WJLA Channel 7 ABC, Washington, D.C.


----------



## Jerry/NJ

Thanx North again  ! Also for the viewing pleasure go to "Supporters of Antis" up top and there is more of the same info.


----------



## Team Hoyt PA

Red Cross


----------



## Team Hoyt PA

Red Cross


----------



## freakshow

Anti-CCW and Guns/Hunting 

Lists companies, corporations and celebs that help the anti-X causes.

Edited to add:Click on the National Links below the state and local businesses that post "no-guns/weapons" signs.


----------



## 460461whatever

*How will I remember?*

I'm going to have to shrink, print, and laminate these lists just so I can make sure not to do business with any of them. I swear these lists get bigger everyday. :sad:


----------



## freakshow

The unfortunate thing is that no matter what lists are made there are other names that should be on there.

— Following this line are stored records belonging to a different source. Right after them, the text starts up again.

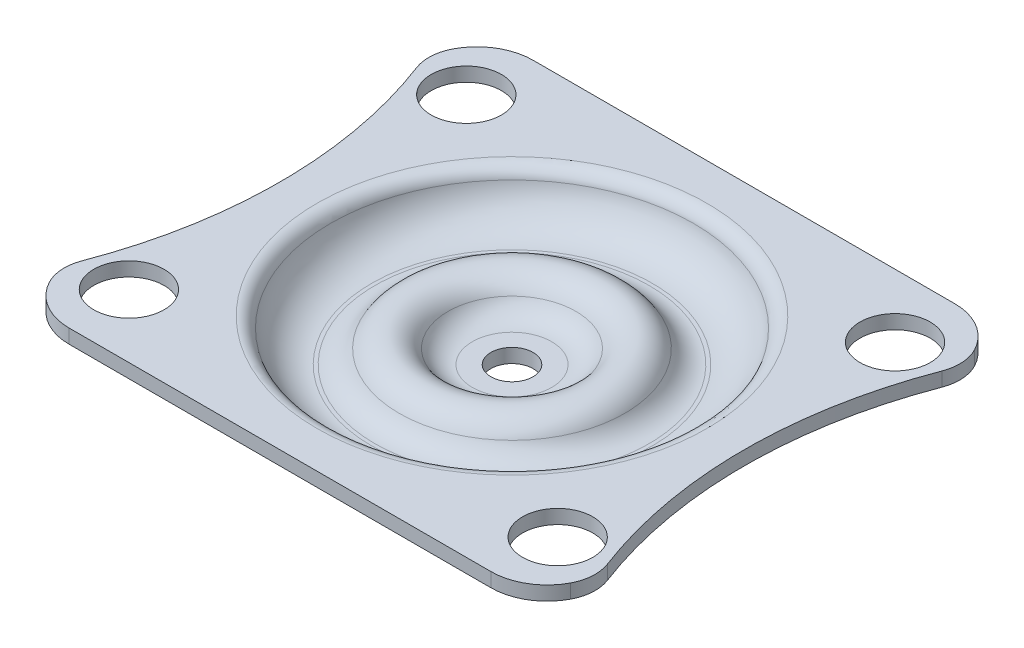
ISO-10303-21;
HEADER;
FILE_DESCRIPTION(('STEP AP214'),'2;1');
FILE_NAME('part.step','',(''),(''),'','','');
FILE_SCHEMA(('AUTOMOTIVE_DESIGN { 1 0 10303 214 1 1 1 1 }'));
ENDSEC;
DATA;
#1=APPLICATION_CONTEXT('core data for automotive mechanical design processes');
#2=APPLICATION_PROTOCOL_DEFINITION('international standard','automotive_design',2000,#1);
#3=PRODUCT_CONTEXT('',#1,'mechanical');
#4=PRODUCT('Part','Part','',(#3));
#5=PRODUCT_RELATED_PRODUCT_CATEGORY('part','',(#4));
#6=PRODUCT_DEFINITION_FORMATION('','',#4);
#7=PRODUCT_DEFINITION_CONTEXT('part definition',#1,'design');
#8=PRODUCT_DEFINITION('design','',#6,#7);
#9=PRODUCT_DEFINITION_SHAPE('','',#8);
#10=(LENGTH_UNIT() NAMED_UNIT(*) SI_UNIT(.MILLI.,.METRE.));
#11=(NAMED_UNIT(*) PLANE_ANGLE_UNIT() SI_UNIT($,.RADIAN.));
#12=(NAMED_UNIT(*) SI_UNIT($,.STERADIAN.) SOLID_ANGLE_UNIT());
#13=UNCERTAINTY_MEASURE_WITH_UNIT(LENGTH_MEASURE(1.E-05),#10,'distance_accuracy_value','');
#14=(GEOMETRIC_REPRESENTATION_CONTEXT(3) GLOBAL_UNCERTAINTY_ASSIGNED_CONTEXT((#13)) GLOBAL_UNIT_ASSIGNED_CONTEXT((#10,
#11,#12)) REPRESENTATION_CONTEXT('',''));
#15=CARTESIAN_POINT('',(0.,0.,0.));
#16=DIRECTION('',(0.,0.,1.));
#17=DIRECTION('',(1.,0.,0.));
#18=AXIS2_PLACEMENT_3D('',#15,#16,#17);
#19=CARTESIAN_POINT('',(-2.82179676972449,-4.,0.));
#20=DIRECTION('',(0.,-1.,0.));
#21=DIRECTION('',(0.,0.,-1.));
#22=AXIS2_PLACEMENT_3D('',#19,#20,#21);
#23=PLANE('',#22);
#24=CARTESIAN_POINT('',(0.,-4.,0.));
#25=DIRECTION('',(0.,1.,0.));
#26=DIRECTION('',(0.,0.,1.));
#27=AXIS2_PLACEMENT_3D('',#24,#25,#26);
#28=CIRCLE('',#27,1.5);
#29=CARTESIAN_POINT('',(0.,-4.,1.5));
#30=VERTEX_POINT('',#29);
#31=EDGE_CURVE('E11',#30,#30,#28,.T.);
#32=ORIENTED_EDGE('',*,*,#31,.T.);
#33=EDGE_LOOP('',(#32));
#34=FACE_BOUND('',#33,.T.);
#35=CARTESIAN_POINT('',(0.,-4.,0.));
#36=DIRECTION('',(0.,1.,0.));
#37=DIRECTION('',(0.,0.,1.));
#38=AXIS2_PLACEMENT_3D('',#35,#36,#37);
#39=CIRCLE('',#38,2.82179676972449);
#40=CARTESIAN_POINT('',(0.,-4.,2.82179676972449));
#41=VERTEX_POINT('',#40);
#42=EDGE_CURVE('E192',#41,#41,#39,.T.);
#43=ORIENTED_EDGE('',*,*,#42,.F.);
#44=EDGE_LOOP('',(#43));
#45=FACE_BOUND('',#44,.T.);
#46=ADVANCED_FACE('F33',(#34,#45),#23,.T.);
#47=CARTESIAN_POINT('',(0.,5.37373737373738,0.));
#48=DIRECTION('',(0.,1.,0.));
#49=DIRECTION('',(0.,0.,1.));
#50=AXIS2_PLACEMENT_3D('',#47,#48,#49);
#51=CYLINDRICAL_SURFACE('',#50,1.5);
#52=ORIENTED_EDGE('',*,*,#31,.F.);
#53=EDGE_LOOP('',(#52));
#54=FACE_BOUND('',#53,.T.);
#55=CARTESIAN_POINT('',(0.,-3.,0.));
#56=DIRECTION('',(0.,1.,0.));
#57=DIRECTION('',(0.,0.,1.));
#58=AXIS2_PLACEMENT_3D('',#55,#56,#57);
#59=CIRCLE('',#58,1.5);
#60=CARTESIAN_POINT('',(0.,-3.,1.5));
#61=VERTEX_POINT('',#60);
#62=EDGE_CURVE('E41',#61,#61,#59,.T.);
#63=ORIENTED_EDGE('',*,*,#62,.T.);
#64=EDGE_LOOP('',(#63));
#65=FACE_BOUND('',#64,.T.);
#66=ADVANCED_FACE('F250',(#54,#65),#51,.F.);
#67=CARTESIAN_POINT('',(-2.82179676972449,-3.,0.));
#68=DIRECTION('',(0.,-1.,0.));
#69=DIRECTION('',(0.,0.,-1.));
#70=AXIS2_PLACEMENT_3D('',#67,#68,#69);
#71=PLANE('',#70);
#72=ORIENTED_EDGE('',*,*,#62,.F.);
#73=EDGE_LOOP('',(#72));
#74=FACE_BOUND('',#73,.T.);
#75=CARTESIAN_POINT('',(0.,-3.,0.));
#76=DIRECTION('',(0.,1.,0.));
#77=DIRECTION('',(0.,0.,1.));
#78=AXIS2_PLACEMENT_3D('',#75,#76,#77);
#79=CIRCLE('',#78,2.82179676972449);
#80=CARTESIAN_POINT('',(0.,-3.,2.82179676972449));
#81=VERTEX_POINT('',#80);
#82=EDGE_CURVE('E245',#81,#81,#79,.T.);
#83=ORIENTED_EDGE('',*,*,#82,.T.);
#84=EDGE_LOOP('',(#83));
#85=FACE_BOUND('',#84,.T.);
#86=ADVANCED_FACE('F252',(#74,#85),#71,.F.);
#87=CARTESIAN_POINT('',(0.,-1.,0.));
#88=DIRECTION('',(0.,1.,0.));
#89=DIRECTION('',(0.,0.,1.));
#90=AXIS2_PLACEMENT_3D('',#87,#88,#89);
#91=TOROIDAL_SURFACE('',#90,2.82179676972449,2.);
#92=ORIENTED_EDGE('',*,*,#82,.F.);
#93=EDGE_LOOP('',(#92));
#94=FACE_BOUND('',#93,.T.);
#95=CARTESIAN_POINT('',(0.,-2.,0.));
#96=DIRECTION('',(0.,1.,0.));
#97=DIRECTION('',(0.,0.,1.));
#98=AXIS2_PLACEMENT_3D('',#95,#96,#97);
#99=CIRCLE('',#98,4.55384757729337);
#100=CARTESIAN_POINT('',(0.,-2.,4.55384757729337));
#101=VERTEX_POINT('',#100);
#102=EDGE_CURVE('E242',#101,#101,#99,.T.);
#103=ORIENTED_EDGE('',*,*,#102,.T.);
#104=EDGE_LOOP('',(#103));
#105=FACE_BOUND('',#104,.T.);
#106=ADVANCED_FACE('F255',(#94,#105),#91,.F.);
#107=CARTESIAN_POINT('',(0.,-3.,0.));
#108=DIRECTION('',(0.,1.,0.));
#109=DIRECTION('',(0.,0.,1.));
#110=AXIS2_PLACEMENT_3D('',#107,#108,#109);
#111=TOROIDAL_SURFACE('',#110,6.28589838486224,2.);
#112=ORIENTED_EDGE('',*,*,#102,.F.);
#113=EDGE_LOOP('',(#112));
#114=FACE_BOUND('',#113,.T.);
#115=CARTESIAN_POINT('',(0.,-2.,0.));
#116=DIRECTION('',(0.,1.,0.));
#117=DIRECTION('',(0.,0.,1.));
#118=AXIS2_PLACEMENT_3D('',#115,#116,#117);
#119=CIRCLE('',#118,8.01794919243112);
#120=CARTESIAN_POINT('',(0.,-2.,8.01794919243112));
#121=VERTEX_POINT('',#120);
#122=EDGE_CURVE('E239',#121,#121,#119,.T.);
#123=ORIENTED_EDGE('',*,*,#122,.T.);
#124=EDGE_LOOP('',(#123));
#125=FACE_BOUND('',#124,.T.);
#126=ADVANCED_FACE('F261',(#114,#125),#111,.T.);
#127=CARTESIAN_POINT('',(0.,-1.,0.));
#128=DIRECTION('',(0.,1.,0.));
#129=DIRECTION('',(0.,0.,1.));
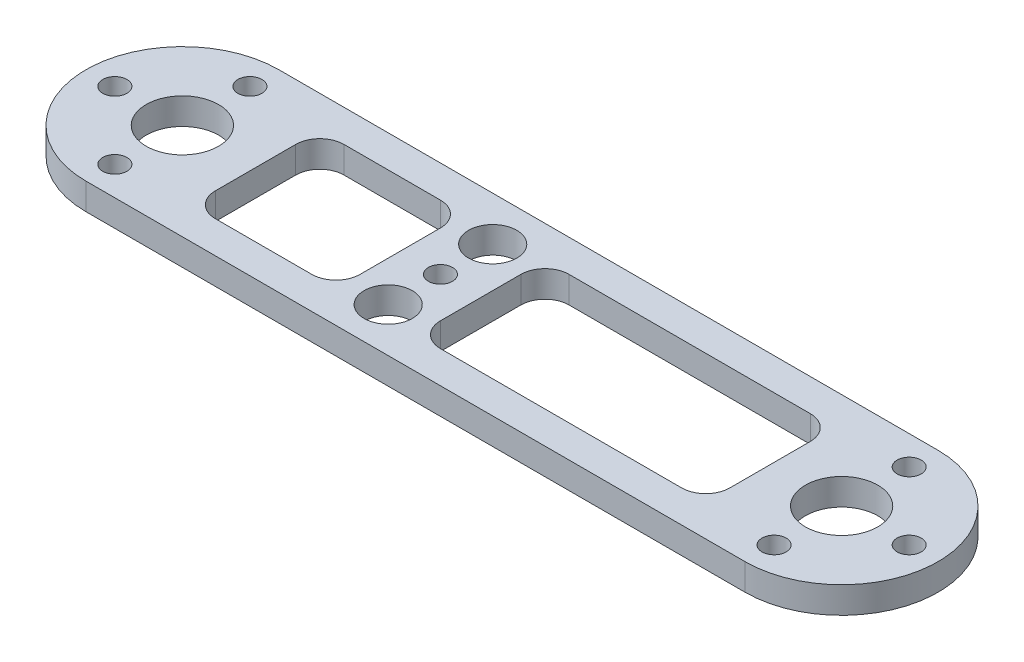
ISO-10303-21;
HEADER;
FILE_DESCRIPTION(('STEP AP214'),'2;1');
FILE_NAME('part.step','',(''),(''),'','','');
FILE_SCHEMA(('AUTOMOTIVE_DESIGN { 1 0 10303 214 1 1 1 1 }'));
ENDSEC;
DATA;
#1=APPLICATION_CONTEXT('core data for automotive mechanical design processes');
#2=APPLICATION_PROTOCOL_DEFINITION('international standard','automotive_design',2000,#1);
#3=PRODUCT_CONTEXT('',#1,'mechanical');
#4=PRODUCT('Part','Part','',(#3));
#5=PRODUCT_RELATED_PRODUCT_CATEGORY('part','',(#4));
#6=PRODUCT_DEFINITION_FORMATION('','',#4);
#7=PRODUCT_DEFINITION_CONTEXT('part definition',#1,'design');
#8=PRODUCT_DEFINITION('design','',#6,#7);
#9=PRODUCT_DEFINITION_SHAPE('','',#8);
#10=(LENGTH_UNIT() NAMED_UNIT(*) SI_UNIT(.MILLI.,.METRE.));
#11=(NAMED_UNIT(*) PLANE_ANGLE_UNIT() SI_UNIT($,.RADIAN.));
#12=(NAMED_UNIT(*) SI_UNIT($,.STERADIAN.) SOLID_ANGLE_UNIT());
#13=UNCERTAINTY_MEASURE_WITH_UNIT(LENGTH_MEASURE(1.E-05),#10,'distance_accuracy_value','');
#14=(GEOMETRIC_REPRESENTATION_CONTEXT(3) GLOBAL_UNCERTAINTY_ASSIGNED_CONTEXT((#13)) GLOBAL_UNIT_ASSIGNED_CONTEXT((#10,
#11,#12)) REPRESENTATION_CONTEXT('',''));
#15=CARTESIAN_POINT('',(0.,0.,0.));
#16=DIRECTION('',(0.,0.,1.));
#17=DIRECTION('',(1.,0.,0.));
#18=AXIS2_PLACEMENT_3D('',#15,#16,#17);
#19=CARTESIAN_POINT('',(-41.,3.3,0.));
#20=DIRECTION('',(0.,1.,0.));
#21=DIRECTION('',(0.,0.,1.));
#22=AXIS2_PLACEMENT_3D('',#19,#20,#21);
#23=PLANE('',#22);
#24=CARTESIAN_POINT('',(-8.89999999999998,3.3,-6.50000000000003));
#25=DIRECTION('',(0.,1.,0.));
#26=DIRECTION('',(0.,0.,1.));
#27=AXIS2_PLACEMENT_3D('',#24,#25,#26);
#28=CIRCLE('',#27,3.);
#29=CARTESIAN_POINT('',(-8.89999999999998,3.3,-3.50000000000003));
#30=VERTEX_POINT('',#29);
#31=EDGE_CURVE('E444',#30,#30,#28,.T.);
#32=ORIENTED_EDGE('',*,*,#31,.F.);
#33=EDGE_LOOP('',(#32));
#34=FACE_BOUND('',#33,.T.);
#35=DIRECTION('',(1.,0.,0.));
#36=VECTOR('',#35,1.);
#37=CARTESIAN_POINT('',(-28.9,3.3,8.));
#38=LINE('',#37,#36);
#39=CARTESIAN_POINT('',(-28.9,3.3,8.));
#40=VERTEX_POINT('',#39);
#41=CARTESIAN_POINT('',(-16.9,3.3,8.00000000000001));
#42=VERTEX_POINT('',#41);
#43=EDGE_CURVE('E177',#40,#42,#38,.T.);
#44=ORIENTED_EDGE('',*,*,#43,.F.);
#45=CARTESIAN_POINT('',(-28.9,3.3,5.));
#46=DIRECTION('',(0.,1.,0.));
#47=DIRECTION('',(0.,0.,1.));
#48=AXIS2_PLACEMENT_3D('',#45,#46,#47);
#49=CIRCLE('',#48,3.);
#50=CARTESIAN_POINT('',(-31.9,3.3,5.));
#51=VERTEX_POINT('',#50);
#52=EDGE_CURVE('E169',#51,#40,#49,.T.);
#53=ORIENTED_EDGE('',*,*,#52,.F.);
#54=DIRECTION('',(0.,0.,1.));
#55=VECTOR('',#54,1.);
#56=CARTESIAN_POINT('',(-31.9,3.3,-5.));
#57=LINE('',#56,#55);
#58=CARTESIAN_POINT('',(-31.9,3.3,-5.));
#59=VERTEX_POINT('',#58);
#60=EDGE_CURVE('E204',#59,#51,#57,.T.);
#61=ORIENTED_EDGE('',*,*,#60,.F.);
#62=CARTESIAN_POINT('',(-28.9,3.3,-5.));
#63=DIRECTION('',(0.,1.,0.));
#64=DIRECTION('',(0.,0.,1.));
#65=AXIS2_PLACEMENT_3D('',#62,#63,#64);
#66=CIRCLE('',#65,3.);
#67=CARTESIAN_POINT('',(-28.9,3.3,-8.));
#68=VERTEX_POINT('',#67);
#69=EDGE_CURVE('E202',#68,#59,#66,.T.);
#70=ORIENTED_EDGE('',*,*,#69,.F.);
#71=DIRECTION('',(-1.,0.,0.));
#72=VECTOR('',#71,1.);
#73=CARTESIAN_POINT('',(-28.9,3.3,-8.));
#74=LINE('',#73,#72);
#75=CARTESIAN_POINT('',(-16.9,3.3,-8.));
#76=VERTEX_POINT('',#75);
#77=EDGE_CURVE('E200',#76,#68,#74,.T.);
#78=ORIENTED_EDGE('',*,*,#77,.F.);
#79=CARTESIAN_POINT('',(-16.9,3.3,-5.));
#80=DIRECTION('',(0.,1.,0.));
#81=DIRECTION('',(0.,0.,-1.));
#82=AXIS2_PLACEMENT_3D('',#79,#80,#81);
#83=CIRCLE('',#82,3.);
#84=CARTESIAN_POINT('',(-13.9,3.3,-5.));
#85=VERTEX_POINT('',#84);
#86=EDGE_CURVE('E198',#85,#76,#83,.T.);
#87=ORIENTED_EDGE('',*,*,#86,.F.);
#88=DIRECTION('',(0.,0.,-1.));
#89=VECTOR('',#88,1.);
#90=CARTESIAN_POINT('',(-13.9,3.3,-5.));
#91=LINE('',#90,#89);
#92=CARTESIAN_POINT('',(-13.9,3.3,5.));
#93=VERTEX_POINT('',#92);
#94=EDGE_CURVE('E193',#93,#85,#91,.T.);
#95=ORIENTED_EDGE('',*,*,#94,.F.);
#96=CARTESIAN_POINT('',(-16.9,3.3,5.));
#97=DIRECTION('',(0.,1.,0.));
#98=DIRECTION('',(0.,0.,1.));
#99=AXIS2_PLACEMENT_3D('',#96,#97,#98);
#100=CIRCLE('',#99,3.);
#101=EDGE_CURVE('E191',#42,#93,#100,.T.);
#102=ORIENTED_EDGE('',*,*,#101,.F.);
#103=EDGE_LOOP('',(#44,#53,#61,#70,#78,#87,#95,#102));
#104=FACE_BOUND('',#103,.T.);
#105=CARTESIAN_POINT('',(-41.,3.3,0.));
#106=DIRECTION('',(0.,1.,0.));
#107=DIRECTION('',(0.,0.,-1.));
#108=AXIS2_PLACEMENT_3D('',#105,#106,#107);
#109=CIRCLE('',#108,4.5);
#110=CARTESIAN_POINT('',(-41.,3.3,-4.5));
#111=VERTEX_POINT('',#110);
#112=EDGE_CURVE('E296',#111,#111,#109,.T.);
#113=ORIENTED_EDGE('',*,*,#112,.F.);
#114=EDGE_LOOP('',(#113));
#115=FACE_BOUND('',#114,.T.);
#116=CARTESIAN_POINT('',(-49.4,3.3,0.));
#117=DIRECTION('',(0.,1.,0.));
#118=DIRECTION('',(0.,0.,-1.));
#119=AXIS2_PLACEMENT_3D('',#116,#117,#118);
#120=CIRCLE('',#119,1.5);
#121=CARTESIAN_POINT('',(-49.4,3.3,-1.5));
#122=VERTEX_POINT('',#121);
#123=EDGE_CURVE('E308',#122,#122,#120,.T.);
#124=ORIENTED_EDGE('',*,*,#123,.F.);
#125=EDGE_LOOP('',(#124));
#126=FACE_BOUND('',#125,.T.);
#127=CARTESIAN_POINT('',(49.4,3.3,0.));
#128=DIRECTION('',(0.,1.,0.));
#129=DIRECTION('',(0.,0.,1.));
#130=AXIS2_PLACEMENT_3D('',#127,#128,#129);
#131=CIRCLE('',#130,1.5);
#132=CARTESIAN_POINT('',(49.4,3.3,1.5));
#133=VERTEX_POINT('',#132);
#134=EDGE_CURVE('E320',#133,#133,#131,.T.);
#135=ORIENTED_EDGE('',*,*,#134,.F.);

There are names on the list (such as Time Warner Cable and MBNA/Mastercard credit cards) that I use even though there are on the List. 

The MBNA Mastercard I have in my wallet has 4.9% fixed. My last one was 19.8. I try and keep the balance to a minimum so the limited fincance charges are all they get from me. The TWC is the only cable provider in my area. When I move to MI in a month or so, I will be forced to go to dial up until they run DSL service. 

These are conscience choices that I have made and to combat these, I give even more money to the progun/hunting causes like conservation groups and the NRA. I can see it being possible to 100% avoid the companies, but every little bit helps.

There are a lot of companies that I will outright avoid unless absolutely necessary. There are a lot of movies I won't watch because they have anti-gun/hunting actors and/or actresses in them. I try and do my best, but sometimes I find myself having a different agenda than the companies and bite the bullet.


----------



## Northforker

freakshow said:


> The unfortunate thing is that no matter what lists are made there are other names that should be on there. There are names on the list (such as Time Warner Cable and MBNA/Mastercard credit cards) that I use even though there are on the List.
> 
> The MBNA Mastercard I have in my wallet has 4.9% fixed. My last one was 19.8. I try and keep the balance to a minimum so the limited fincance charges are all they get from me. The TWC is the only cable provider in my area. When I move to MI in a month or so, I will be forced to go to dial up until they run DSL service.
> 
> These are conscience choices that I have made and to combat these, I give even more money to the progun/hunting causes like conservation groups and the NRA. I can see it being possible to 100% avoid the companies, but every little bit helps.
> 
> There are a lot of companies that I will outright avoid unless absolutely necessary. There are a lot of movies I won't watch because they have anti-gun/hunting actors and/or actresses in them. I try and do my best, but sometimes I find myself having a different agenda than the companies and bite the bullet.


Freakshow,

When you get ready to buy that dial up service, go to 

www.outdoorsunlimited.net

They donate $1.00 per month of your bill to the NRA or other pro hunting/gun organization of your choice. It's $19.99/month and I can't really complain about their service. I would like a better E-Mail program but it works.


----------



## freakshow

I was thinking of them. However, $20 a month seems pricey for just dial up.
With DSL running the same price I would prolly opt for DSL. I am going to move in with my GF's parents while I finish school in MI, so I will be limited to their dial up ISP, which is just a local one.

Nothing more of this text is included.